4, Coping algorithm (coping collector)
The proposed algorithm is designed to overcome the cost of the handle and to solve the garbage collection of heap fragments. It begins by dividing the heap into an object surface and multiple idle surfaces, the program allocates space for objects from the object surface, and when the object is full, garbage collection based on the coping algorithm scans the active object from the root set and copies each active object to the idle surface (so that there is no free hole between the active object's memory), The idle surface becomes the object surface, the original object surface becomes the idle surface, the program allocates memory in the new object face.
A typical garbage collection based on coping algorithm is stop-and-copy algorithm, which divides the heap into object plane and free area surface, and the program suspends execution in the process of switching between object surface and free area surface.
5, Generation algorithm (generational collector)

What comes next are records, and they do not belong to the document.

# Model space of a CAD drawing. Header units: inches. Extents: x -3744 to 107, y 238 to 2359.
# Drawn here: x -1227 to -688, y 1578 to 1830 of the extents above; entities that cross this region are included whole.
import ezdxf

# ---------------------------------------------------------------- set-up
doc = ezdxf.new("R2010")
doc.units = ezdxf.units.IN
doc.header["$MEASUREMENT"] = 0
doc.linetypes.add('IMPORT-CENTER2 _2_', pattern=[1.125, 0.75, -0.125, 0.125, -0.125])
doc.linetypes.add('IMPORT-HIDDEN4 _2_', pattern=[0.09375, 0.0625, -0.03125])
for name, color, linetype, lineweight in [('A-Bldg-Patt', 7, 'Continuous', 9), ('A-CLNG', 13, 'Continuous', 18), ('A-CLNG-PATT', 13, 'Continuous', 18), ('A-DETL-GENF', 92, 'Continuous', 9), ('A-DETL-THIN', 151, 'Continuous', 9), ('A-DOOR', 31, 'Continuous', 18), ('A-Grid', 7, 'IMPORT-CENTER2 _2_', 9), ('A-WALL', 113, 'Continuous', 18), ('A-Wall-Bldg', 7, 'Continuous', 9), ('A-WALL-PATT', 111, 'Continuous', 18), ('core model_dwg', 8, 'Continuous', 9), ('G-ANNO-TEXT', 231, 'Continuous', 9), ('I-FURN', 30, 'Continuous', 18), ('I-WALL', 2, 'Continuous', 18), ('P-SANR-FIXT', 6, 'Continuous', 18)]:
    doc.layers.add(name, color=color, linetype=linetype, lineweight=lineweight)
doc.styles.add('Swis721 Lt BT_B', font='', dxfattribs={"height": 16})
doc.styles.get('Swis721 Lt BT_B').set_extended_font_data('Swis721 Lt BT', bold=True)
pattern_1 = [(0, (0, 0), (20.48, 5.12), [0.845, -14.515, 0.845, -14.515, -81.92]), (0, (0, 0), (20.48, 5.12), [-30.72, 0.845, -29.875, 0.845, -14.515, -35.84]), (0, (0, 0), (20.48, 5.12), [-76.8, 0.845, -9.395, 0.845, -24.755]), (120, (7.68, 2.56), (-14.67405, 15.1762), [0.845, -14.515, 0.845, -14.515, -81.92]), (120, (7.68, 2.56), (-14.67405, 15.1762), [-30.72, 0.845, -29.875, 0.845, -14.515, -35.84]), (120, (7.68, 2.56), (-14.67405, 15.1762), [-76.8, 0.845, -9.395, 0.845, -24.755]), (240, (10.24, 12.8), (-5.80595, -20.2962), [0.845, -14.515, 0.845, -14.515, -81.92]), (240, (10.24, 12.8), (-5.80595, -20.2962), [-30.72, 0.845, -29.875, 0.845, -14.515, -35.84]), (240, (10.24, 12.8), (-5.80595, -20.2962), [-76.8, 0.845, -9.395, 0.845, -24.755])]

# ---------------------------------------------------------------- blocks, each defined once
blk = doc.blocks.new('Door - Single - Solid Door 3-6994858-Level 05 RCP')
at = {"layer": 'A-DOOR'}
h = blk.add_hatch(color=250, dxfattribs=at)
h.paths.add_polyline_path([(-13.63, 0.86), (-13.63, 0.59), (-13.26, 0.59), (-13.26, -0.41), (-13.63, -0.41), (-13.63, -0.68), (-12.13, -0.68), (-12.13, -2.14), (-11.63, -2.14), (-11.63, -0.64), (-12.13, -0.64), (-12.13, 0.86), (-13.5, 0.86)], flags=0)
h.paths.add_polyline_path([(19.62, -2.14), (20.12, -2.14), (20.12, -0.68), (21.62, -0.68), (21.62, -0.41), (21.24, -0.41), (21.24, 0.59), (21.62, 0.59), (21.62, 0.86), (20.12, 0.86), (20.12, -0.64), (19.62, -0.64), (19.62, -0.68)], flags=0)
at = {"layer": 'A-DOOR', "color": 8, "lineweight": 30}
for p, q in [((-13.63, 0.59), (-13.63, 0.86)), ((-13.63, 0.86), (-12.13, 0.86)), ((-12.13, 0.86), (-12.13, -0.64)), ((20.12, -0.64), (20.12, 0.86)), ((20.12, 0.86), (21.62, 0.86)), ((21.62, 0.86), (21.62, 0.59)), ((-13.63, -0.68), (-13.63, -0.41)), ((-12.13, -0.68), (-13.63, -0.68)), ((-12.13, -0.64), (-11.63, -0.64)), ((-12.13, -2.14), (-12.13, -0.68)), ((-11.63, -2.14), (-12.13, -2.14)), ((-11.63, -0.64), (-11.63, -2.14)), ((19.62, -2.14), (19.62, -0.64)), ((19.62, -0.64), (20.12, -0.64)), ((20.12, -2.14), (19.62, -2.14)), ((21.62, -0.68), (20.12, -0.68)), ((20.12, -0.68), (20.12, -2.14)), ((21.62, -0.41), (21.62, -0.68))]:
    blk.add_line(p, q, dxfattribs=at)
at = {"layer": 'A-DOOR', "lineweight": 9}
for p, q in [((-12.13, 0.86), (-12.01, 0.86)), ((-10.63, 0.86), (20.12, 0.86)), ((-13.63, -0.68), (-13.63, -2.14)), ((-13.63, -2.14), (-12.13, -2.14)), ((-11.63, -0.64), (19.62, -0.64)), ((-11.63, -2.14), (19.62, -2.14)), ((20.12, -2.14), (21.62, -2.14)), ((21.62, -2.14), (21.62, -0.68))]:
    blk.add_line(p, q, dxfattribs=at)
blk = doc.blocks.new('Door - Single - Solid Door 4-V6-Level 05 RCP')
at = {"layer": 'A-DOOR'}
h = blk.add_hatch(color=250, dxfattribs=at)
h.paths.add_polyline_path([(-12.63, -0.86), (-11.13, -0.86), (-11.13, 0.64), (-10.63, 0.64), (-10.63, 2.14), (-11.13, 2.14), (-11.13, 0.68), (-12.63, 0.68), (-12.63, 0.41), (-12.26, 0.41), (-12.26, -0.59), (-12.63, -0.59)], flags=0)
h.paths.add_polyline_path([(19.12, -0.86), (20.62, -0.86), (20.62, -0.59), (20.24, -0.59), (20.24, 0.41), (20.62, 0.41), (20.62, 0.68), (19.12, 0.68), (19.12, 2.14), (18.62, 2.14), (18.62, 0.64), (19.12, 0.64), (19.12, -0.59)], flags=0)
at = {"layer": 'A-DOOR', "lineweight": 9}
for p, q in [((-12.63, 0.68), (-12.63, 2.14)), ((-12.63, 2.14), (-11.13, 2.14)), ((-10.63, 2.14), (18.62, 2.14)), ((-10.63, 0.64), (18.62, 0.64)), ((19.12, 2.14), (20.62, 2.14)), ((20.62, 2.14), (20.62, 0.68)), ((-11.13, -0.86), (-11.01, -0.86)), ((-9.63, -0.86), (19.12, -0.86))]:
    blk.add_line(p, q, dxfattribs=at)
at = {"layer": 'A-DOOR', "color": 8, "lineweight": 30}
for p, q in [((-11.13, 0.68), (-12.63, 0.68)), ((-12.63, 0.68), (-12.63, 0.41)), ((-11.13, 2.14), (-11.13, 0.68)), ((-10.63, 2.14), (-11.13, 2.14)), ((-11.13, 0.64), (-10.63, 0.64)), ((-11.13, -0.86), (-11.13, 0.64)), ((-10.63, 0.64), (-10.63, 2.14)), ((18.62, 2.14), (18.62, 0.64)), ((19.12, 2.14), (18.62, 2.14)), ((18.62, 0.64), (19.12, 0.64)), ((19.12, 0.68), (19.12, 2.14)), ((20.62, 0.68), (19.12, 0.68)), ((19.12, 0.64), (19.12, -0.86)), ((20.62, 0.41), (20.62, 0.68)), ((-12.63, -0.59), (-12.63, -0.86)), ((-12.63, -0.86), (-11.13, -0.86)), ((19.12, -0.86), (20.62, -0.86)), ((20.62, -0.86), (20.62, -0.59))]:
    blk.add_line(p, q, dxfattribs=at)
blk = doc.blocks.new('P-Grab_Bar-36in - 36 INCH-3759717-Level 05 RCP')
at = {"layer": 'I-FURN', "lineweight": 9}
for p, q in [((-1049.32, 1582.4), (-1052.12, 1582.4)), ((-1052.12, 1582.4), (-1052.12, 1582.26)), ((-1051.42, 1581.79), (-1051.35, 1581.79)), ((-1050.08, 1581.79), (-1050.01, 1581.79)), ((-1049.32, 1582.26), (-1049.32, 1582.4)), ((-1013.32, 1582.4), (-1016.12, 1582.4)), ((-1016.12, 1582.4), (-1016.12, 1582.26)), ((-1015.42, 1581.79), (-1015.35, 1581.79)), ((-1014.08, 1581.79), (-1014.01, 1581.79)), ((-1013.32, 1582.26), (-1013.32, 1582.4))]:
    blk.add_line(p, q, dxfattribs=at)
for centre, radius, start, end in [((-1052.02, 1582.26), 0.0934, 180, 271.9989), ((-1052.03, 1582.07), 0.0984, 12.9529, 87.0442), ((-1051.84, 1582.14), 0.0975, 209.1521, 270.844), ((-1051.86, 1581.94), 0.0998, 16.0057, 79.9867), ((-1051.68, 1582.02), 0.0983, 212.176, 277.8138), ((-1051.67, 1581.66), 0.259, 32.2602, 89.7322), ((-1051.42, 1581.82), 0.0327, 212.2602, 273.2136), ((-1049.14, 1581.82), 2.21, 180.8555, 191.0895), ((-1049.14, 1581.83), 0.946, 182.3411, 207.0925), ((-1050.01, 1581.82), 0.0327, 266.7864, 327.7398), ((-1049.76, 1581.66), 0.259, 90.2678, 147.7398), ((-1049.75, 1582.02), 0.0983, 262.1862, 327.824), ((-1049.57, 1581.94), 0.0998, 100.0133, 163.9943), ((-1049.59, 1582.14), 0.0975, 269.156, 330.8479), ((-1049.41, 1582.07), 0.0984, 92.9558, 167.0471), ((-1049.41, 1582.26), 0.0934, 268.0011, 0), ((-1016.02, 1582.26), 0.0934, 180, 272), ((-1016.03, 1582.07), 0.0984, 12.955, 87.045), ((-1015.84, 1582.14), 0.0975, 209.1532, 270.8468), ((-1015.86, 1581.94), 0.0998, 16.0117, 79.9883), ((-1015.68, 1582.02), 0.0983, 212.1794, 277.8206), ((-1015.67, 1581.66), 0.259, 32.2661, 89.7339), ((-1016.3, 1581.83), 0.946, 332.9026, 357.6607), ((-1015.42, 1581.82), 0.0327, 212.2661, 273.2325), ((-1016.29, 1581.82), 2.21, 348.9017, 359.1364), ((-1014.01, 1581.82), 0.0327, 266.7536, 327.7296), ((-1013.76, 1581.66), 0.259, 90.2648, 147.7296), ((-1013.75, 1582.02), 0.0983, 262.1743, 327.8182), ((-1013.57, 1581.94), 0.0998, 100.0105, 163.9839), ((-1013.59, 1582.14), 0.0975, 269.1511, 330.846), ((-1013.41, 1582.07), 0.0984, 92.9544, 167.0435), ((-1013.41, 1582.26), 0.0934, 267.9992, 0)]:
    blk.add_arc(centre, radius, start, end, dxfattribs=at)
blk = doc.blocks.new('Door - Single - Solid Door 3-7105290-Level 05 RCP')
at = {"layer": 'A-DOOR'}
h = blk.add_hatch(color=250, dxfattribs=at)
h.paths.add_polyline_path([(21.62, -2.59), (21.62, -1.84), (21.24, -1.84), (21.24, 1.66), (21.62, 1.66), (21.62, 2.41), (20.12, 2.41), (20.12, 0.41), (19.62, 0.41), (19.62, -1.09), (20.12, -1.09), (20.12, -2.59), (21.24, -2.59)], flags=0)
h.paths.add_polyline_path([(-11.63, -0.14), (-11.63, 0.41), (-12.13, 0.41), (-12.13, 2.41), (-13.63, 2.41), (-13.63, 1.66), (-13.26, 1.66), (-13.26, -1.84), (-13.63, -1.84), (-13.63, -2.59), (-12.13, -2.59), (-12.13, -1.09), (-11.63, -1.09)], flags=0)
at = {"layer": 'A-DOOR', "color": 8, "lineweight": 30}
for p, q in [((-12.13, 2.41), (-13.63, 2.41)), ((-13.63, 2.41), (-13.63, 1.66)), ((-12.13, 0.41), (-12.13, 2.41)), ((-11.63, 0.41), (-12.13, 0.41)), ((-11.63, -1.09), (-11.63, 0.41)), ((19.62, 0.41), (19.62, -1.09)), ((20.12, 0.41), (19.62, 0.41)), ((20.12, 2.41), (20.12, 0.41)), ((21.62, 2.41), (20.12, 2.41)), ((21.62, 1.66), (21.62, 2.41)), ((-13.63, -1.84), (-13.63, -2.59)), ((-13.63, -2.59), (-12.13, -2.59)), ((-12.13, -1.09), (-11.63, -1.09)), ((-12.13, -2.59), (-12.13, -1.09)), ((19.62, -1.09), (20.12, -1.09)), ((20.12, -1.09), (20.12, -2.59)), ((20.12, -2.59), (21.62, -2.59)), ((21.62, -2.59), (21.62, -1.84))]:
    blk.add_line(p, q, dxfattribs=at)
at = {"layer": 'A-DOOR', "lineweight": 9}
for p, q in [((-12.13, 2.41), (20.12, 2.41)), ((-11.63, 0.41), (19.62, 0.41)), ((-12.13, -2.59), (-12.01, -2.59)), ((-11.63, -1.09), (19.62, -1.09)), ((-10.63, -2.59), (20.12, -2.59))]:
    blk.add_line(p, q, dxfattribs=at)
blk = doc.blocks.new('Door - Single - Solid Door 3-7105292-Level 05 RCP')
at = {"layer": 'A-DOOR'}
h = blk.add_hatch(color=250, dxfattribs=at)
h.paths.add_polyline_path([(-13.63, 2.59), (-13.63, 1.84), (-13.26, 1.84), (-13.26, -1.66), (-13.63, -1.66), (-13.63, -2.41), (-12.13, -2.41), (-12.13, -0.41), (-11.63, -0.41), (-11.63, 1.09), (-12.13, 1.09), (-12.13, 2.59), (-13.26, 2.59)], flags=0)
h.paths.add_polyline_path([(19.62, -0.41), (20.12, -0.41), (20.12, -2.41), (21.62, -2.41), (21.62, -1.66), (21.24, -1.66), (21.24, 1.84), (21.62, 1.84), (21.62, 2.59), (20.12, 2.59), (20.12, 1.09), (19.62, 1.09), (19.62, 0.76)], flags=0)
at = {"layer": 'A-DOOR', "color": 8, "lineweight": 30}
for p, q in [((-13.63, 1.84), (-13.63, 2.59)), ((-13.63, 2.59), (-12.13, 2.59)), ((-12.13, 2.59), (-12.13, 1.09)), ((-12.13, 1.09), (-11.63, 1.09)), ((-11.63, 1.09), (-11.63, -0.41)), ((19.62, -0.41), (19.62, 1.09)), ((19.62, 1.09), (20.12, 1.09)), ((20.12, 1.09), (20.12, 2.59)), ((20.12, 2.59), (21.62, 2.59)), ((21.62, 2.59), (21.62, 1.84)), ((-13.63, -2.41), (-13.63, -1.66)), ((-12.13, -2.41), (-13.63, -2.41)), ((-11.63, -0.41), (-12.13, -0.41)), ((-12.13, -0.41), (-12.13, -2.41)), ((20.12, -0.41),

One drawback of the stop-and-copy garbage collector is that the collector must replicate all active objects, which increases the latency of the program, which is why the coping algorithm is inefficient. In the program design, there is such a law: most objects exist in a relatively short time, a few of the existence of a long time. Therefore, the generation algorithm divides the heap into two or more, each of which is a generation of objects (generation). Because most objects exist for a relatively short time, the garbage collector collects the objects from the youngest child heap as the program discards unused objects. After the generational garbage collector runs, the last surviving object moves to the next highest-generation child heap, saving time because the older generation's child heap is not often recycled.
6, Adaptive Algorithm (adaptive Collector)
In certain cases, some garbage collection algorithms are superior to other algorithms. The garbage collector based on the adaptive algorithm monitors the current heap usage and will select the appropriate algorithm for the garbage collector.